# Paph. braemii photos needed



## SlipperFan (Jun 6, 2020)

Professor Guido Braem asked me if I knew anyone who has a Paph. braemii and could send him photos of both sides of its leaves. I don't have one, but I thought if anyone does, that person would be on Slippertalk.

If you do and are willing to take some fairly close-up photos for Guido, please contact him at: <[email protected]>

I hope everyone is well and loving your slippers!
Dot


----------



## abax (Jun 6, 2020)

Hello Dot! How are YOU?


----------



## SlipperFan (Jun 7, 2020)

Hi Angela! I'm fine. Trying to downsize a little -- I have nearly 1000 orchids, nearly half of them slippers. That is too many for me to take care of properly, and they are so crowded that I think they can't get the light and air they need to grow well. So about 70 big plants just left, and I haven't even started dividing or choosing out my slippers. Talk about an addiction!
How are you? I'm glad to see you are still here participating.


----------



## abax (Jun 7, 2020)

I'm very well and doing a lot of gardening
and puttering in the greenhouse to distract
from cabin fever. KY is still more or less
on lock down with exceptions.
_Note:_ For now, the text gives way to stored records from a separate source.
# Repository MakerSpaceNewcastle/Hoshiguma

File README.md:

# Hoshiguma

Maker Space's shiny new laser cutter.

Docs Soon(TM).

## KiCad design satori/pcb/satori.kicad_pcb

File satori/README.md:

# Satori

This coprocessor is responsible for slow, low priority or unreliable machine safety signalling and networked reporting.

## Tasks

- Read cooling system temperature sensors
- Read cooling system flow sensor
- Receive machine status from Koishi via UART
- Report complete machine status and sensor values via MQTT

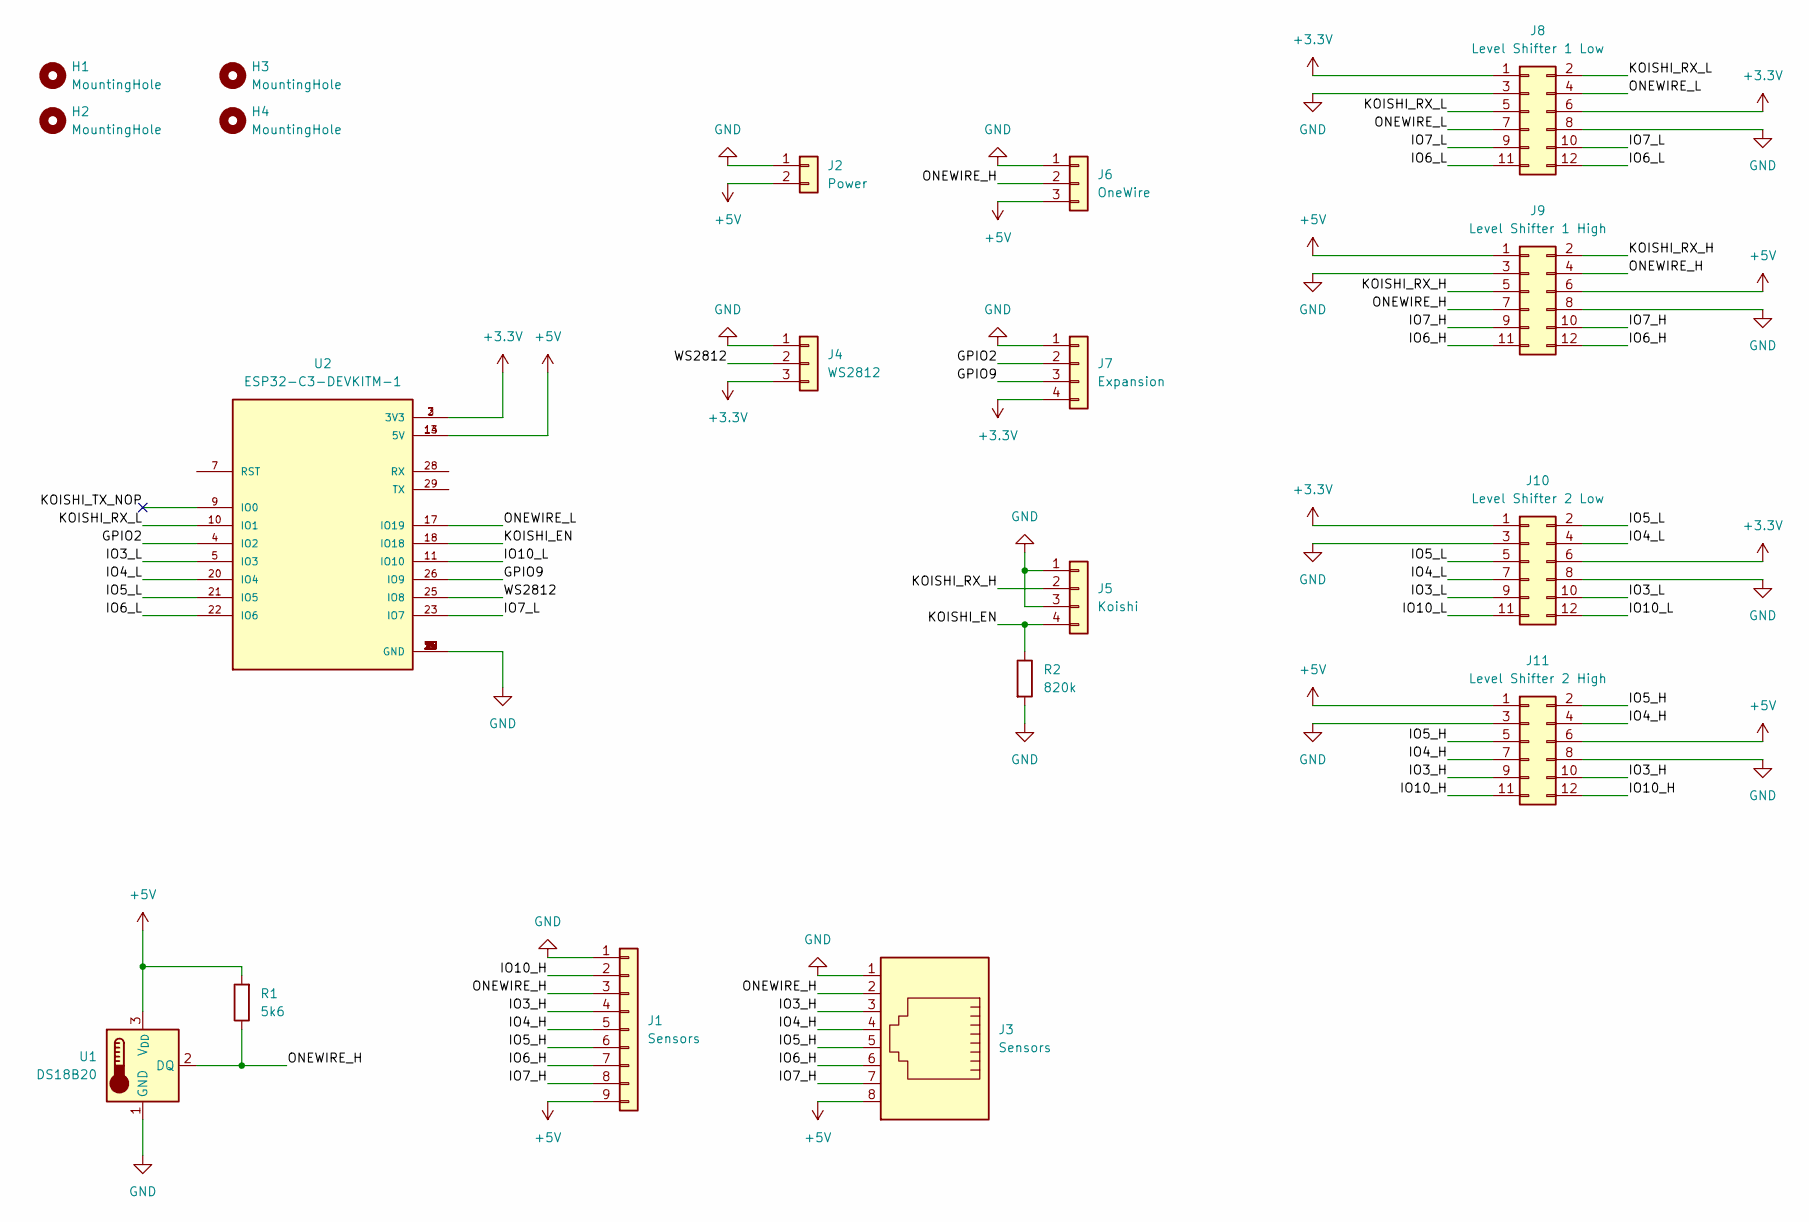
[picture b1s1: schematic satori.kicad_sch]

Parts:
H1, H2, H3, H4: MountingHole; MountingHole_3.2mm_M3
J1: Sensors; PinHeader_1x09_P2.54mm_Vertical
J2: Power; PinHeader_1x02_P2.54mm_Vertical
J3: Sensors; RJ45_Amphenol_54602-x08_Horizontal
J4: WS2812; PinHeader_1x03_P2.54mm_Vertical
J5: Koishi; PinHeader_1x04_P2.54mm_Vertical
J6: OneWire; PinHeader_1x03_P2.54mm_Vertical
J7: Expansion; PinHeader_1x04_P2.54mm_Vertical
J8: Level Shifter 1 Low; PinSocket_2x06_P2.54mm_Vertical
J9: Level Shifter 1 High; PinSocket_2x06_P2.54mm_Vertical
J10: Level Shifter 2 Low; PinSocket_2x06_P2.54mm_Vertical
J11: Level Shifter 2 High; PinSocket_2x06_P2.54mm_Vertical
R1: 5k6; R_Axial_DIN0207_L6.3mm_D2.5mm_P7.62mm_Horizontal
R2: 820k; R_Axial_DIN0207_L6.3mm_D2.5mm_P7.62mm_Horizontal
U1: DS18B20; TO-92_Inline
U2: ESP32-C3-DEVKITM-1; XCVR_ESP32-C3-DEVKITM-1

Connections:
+3.3V: J4.3, J7.4, J8.1, J8.6, J10.1, J10.6, U2.2 (3V3), U2.3 (3V3)
+5V: J1.9, J2.2, J3.8, J6.3, J9.1, J9.6, J11.1, J11.6, R1.2, U1.3 (V_{DD}), U2.13 (5V), U2.14 (5V)
/GPIO2: J7.2, U2.4 (IO2)
/GPIO9: J7.3, U2.26 (IO9)
/IO3_H: J1.4, J3.3, J11.9, J11.10
/IO3_L: J10.9, J10.10, U2.5 (IO3)
/IO4_H: J1.5, J3.4, J11.4, J11.7
/IO4_L: J10.4, J10.7, U2.20 (IO4)
/IO5_H: J1.6, J3.5, J11.2, J11.5
/IO5_L: J10.2, J10.5, U2.21 (IO5)
/IO6_H: J1.7, J3.6, J9.11, J9.12
/IO6_L: J8.11, J8.12, U2.22 (IO6)
/IO7_H: J1.8, J3.7, J9.9, J9.10
/IO7_L: J8.9, J8.10, U2.23 (IO7)
/IO10_H: J1.2, J11.11, J11.12
/IO10_L: J10.11, J10.12, U2.11 (IO10)
/KOISHI_EN: J5.4, R2.1, U2.18 (IO18)
/KOISHI_RX_H: J5.2, J9.2, J9.5
/KOISHI_RX_L: J8.2, J8.5, U2.10 (IO1)
/KOISHI_TX_NOP: U2.9 (IO0)
/ONEWIRE_H: J1.3, J3.2, J6.2, J9.4, J9.7, R1.1, U1.2 (DQ)
/ONEWIRE_L: J8.4, J8.7, U2.17 (IO19)
/WS2812: J4.2, U2.25 (IO8)
GND: J1.1, J2.1, J3.1, J4.1, J5.1, J5.3, J6.1, J7.1, J8.3, J8.8, J9.3, J9.8, J10.3, J10.8, J11.3, J11.8, R2.2, U1.1 (GND), U2.1 (GND), U2.6 (GND), U2.8 (GND), U2.12 (GND), U2.15 (GND), U2.16 (GND), U2.19 (GND), U2.24 (GND), U2.27 (GND), U2.30 (GND)

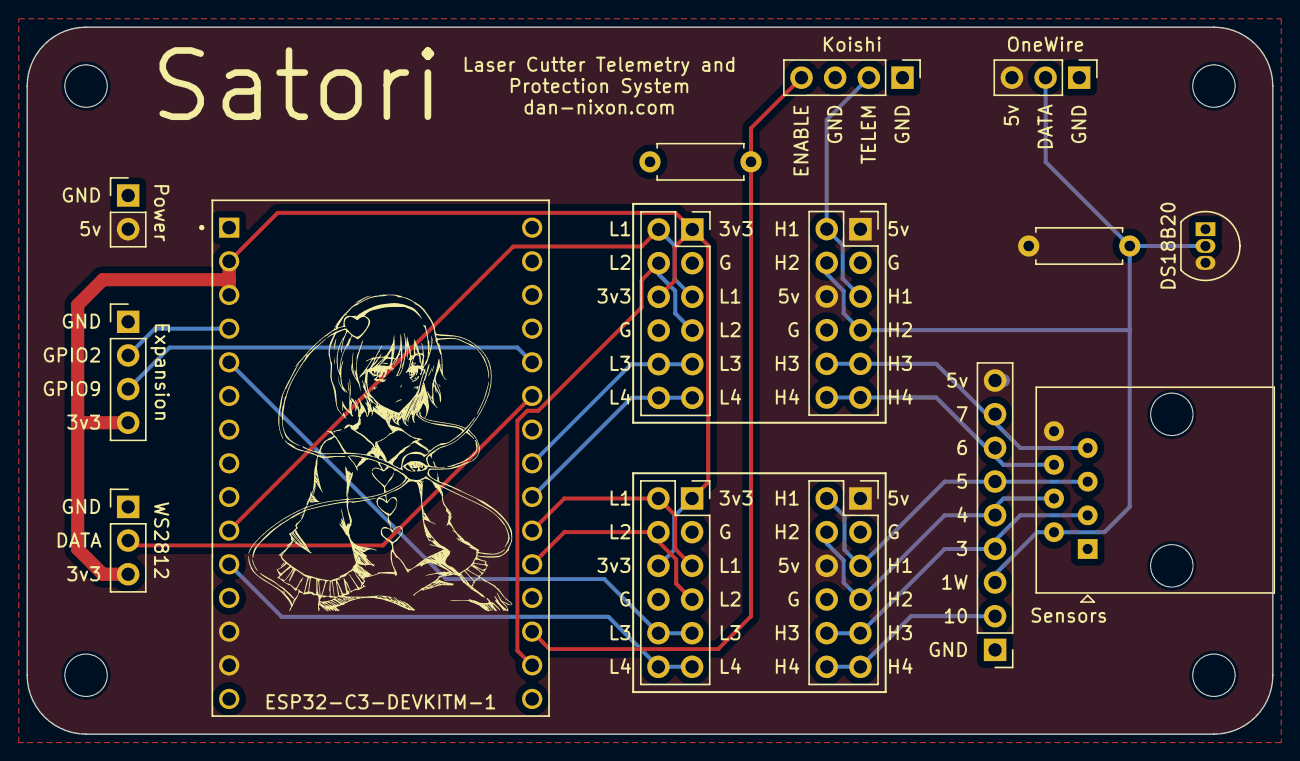
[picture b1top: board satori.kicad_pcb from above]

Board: 2 copper layers, 94.0 x 53.3 mm, 19 parts (0 on the bottom side), 23 nets.

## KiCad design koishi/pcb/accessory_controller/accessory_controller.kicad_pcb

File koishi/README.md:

# Koishi

This coprocessor is responsible for fast safety and machine control signalling only.

All inputs are via isolated digital pins. Serial input should not be used.

Outputs are via relays and status reporting via UART.

## Tasks

- Providing Ruida generic system protection signal
- Providing Ruida cooling protection signal
- Providing laser PSU protection signal
- Start/stop air assist compressor
- Start/stop fume extraction fan
- Illuminate machine status lights

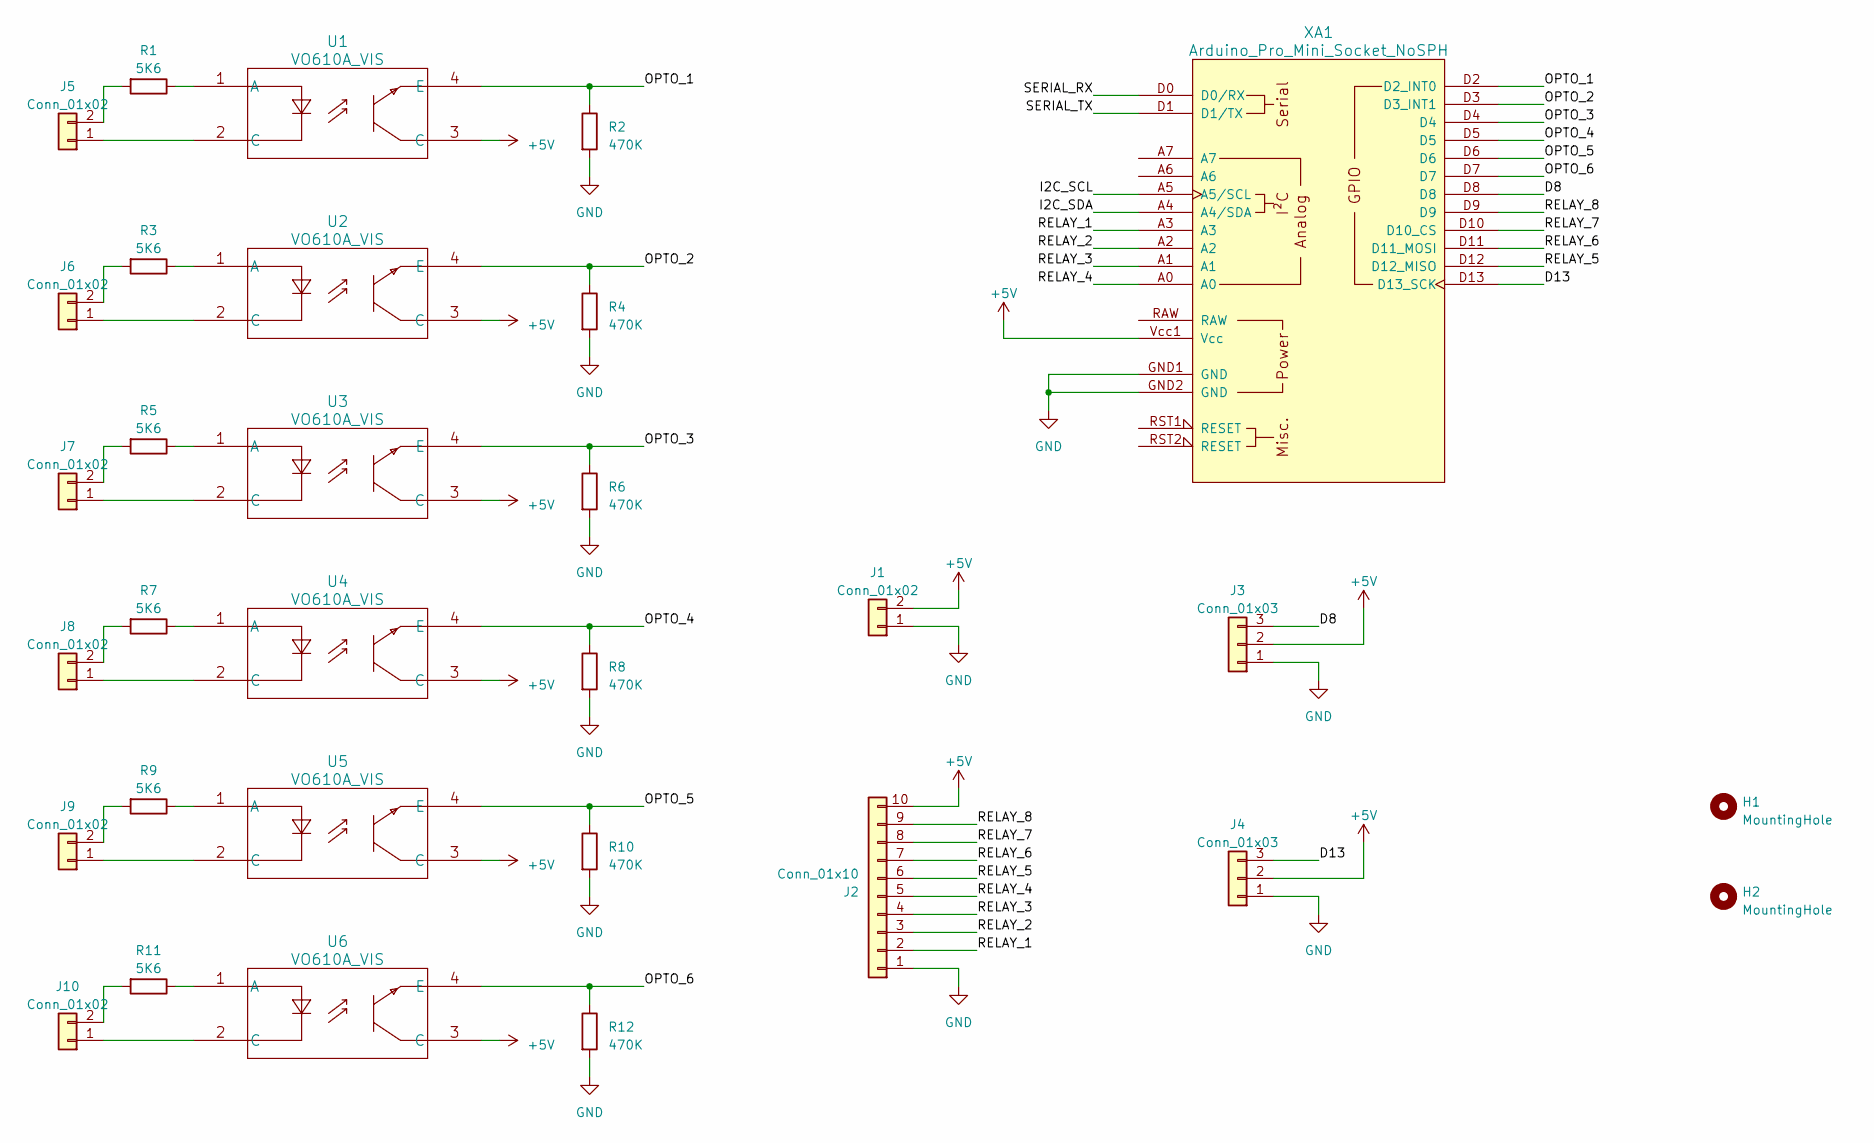
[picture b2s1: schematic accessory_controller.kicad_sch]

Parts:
H1, H2: MountingHole; MountingHole_4mm
J1, J5, J6, J7, J8, J9, J10: Conn_01x02; PinHeader_1x02_P2.54mm_Vertical
J2: Conn_01x10; PinSocket_1x10_P2.54mm_Vertical
J3, J4: Conn_01x03; PinHeader_1x03_P2.54mm_Vertical
R1, R3, R5, R7, R9, R11: 5K6; R_Axial_DIN0207_L6.3mm_D2.5mm_P2.54mm_Vertical
R2, R4, R6, R8, R10, R12: 470K; R_Axial_DIN0207_L6.3mm_D2.5mm_P2.54mm_Vertical
U1, U2, U3, U4, U5, U6: VO610A_VIS; VO610A-3
XA1: Arduino_Pro_Mini_Socket_NoSPH

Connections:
+5V: J1.2, J2.10, J3.2, J4.2, U1.3 (C), U2.3 (C), U3.3 (C), U4.3 (C), U5.3 (C), U6.3 (C), XA1.Vcc1 (Vcc)
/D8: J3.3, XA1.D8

Any Phrags
you want to get rid of…?


----------



## Ozpaph (Jun 8, 2020)

Geez, we miss you, Dot.


----------



## SlipperFan (Jun 8, 2020)

abax said:


> I'm very well and doing a lot of gardening
> and puttering in the greenhouse to distract
> from cabin fever. KY is still more or less
> on lock down with exceptions. Any Phrags
> you want to get rid of…?


 I'lll keep you in mind...


Ozpaph said:


> Geez, we miss you, Dot.


Thanks! Maybe as I have fewer orchids to take care of, I'll have more time to chat.


----------



## NYEric (Jun 8, 2020)

Forget her, remember the old friends! 
Hope everything is well. I will ask around about the braemii.


----------



## SlipperFan (Jun 9, 2020)

NYEric said:


> Forget her, remember the old friends!
> Hope everything is well. I will ask around about the braemii.


I remember you! How many plants do you have now? Thanks for checking for a braemii grower.


----------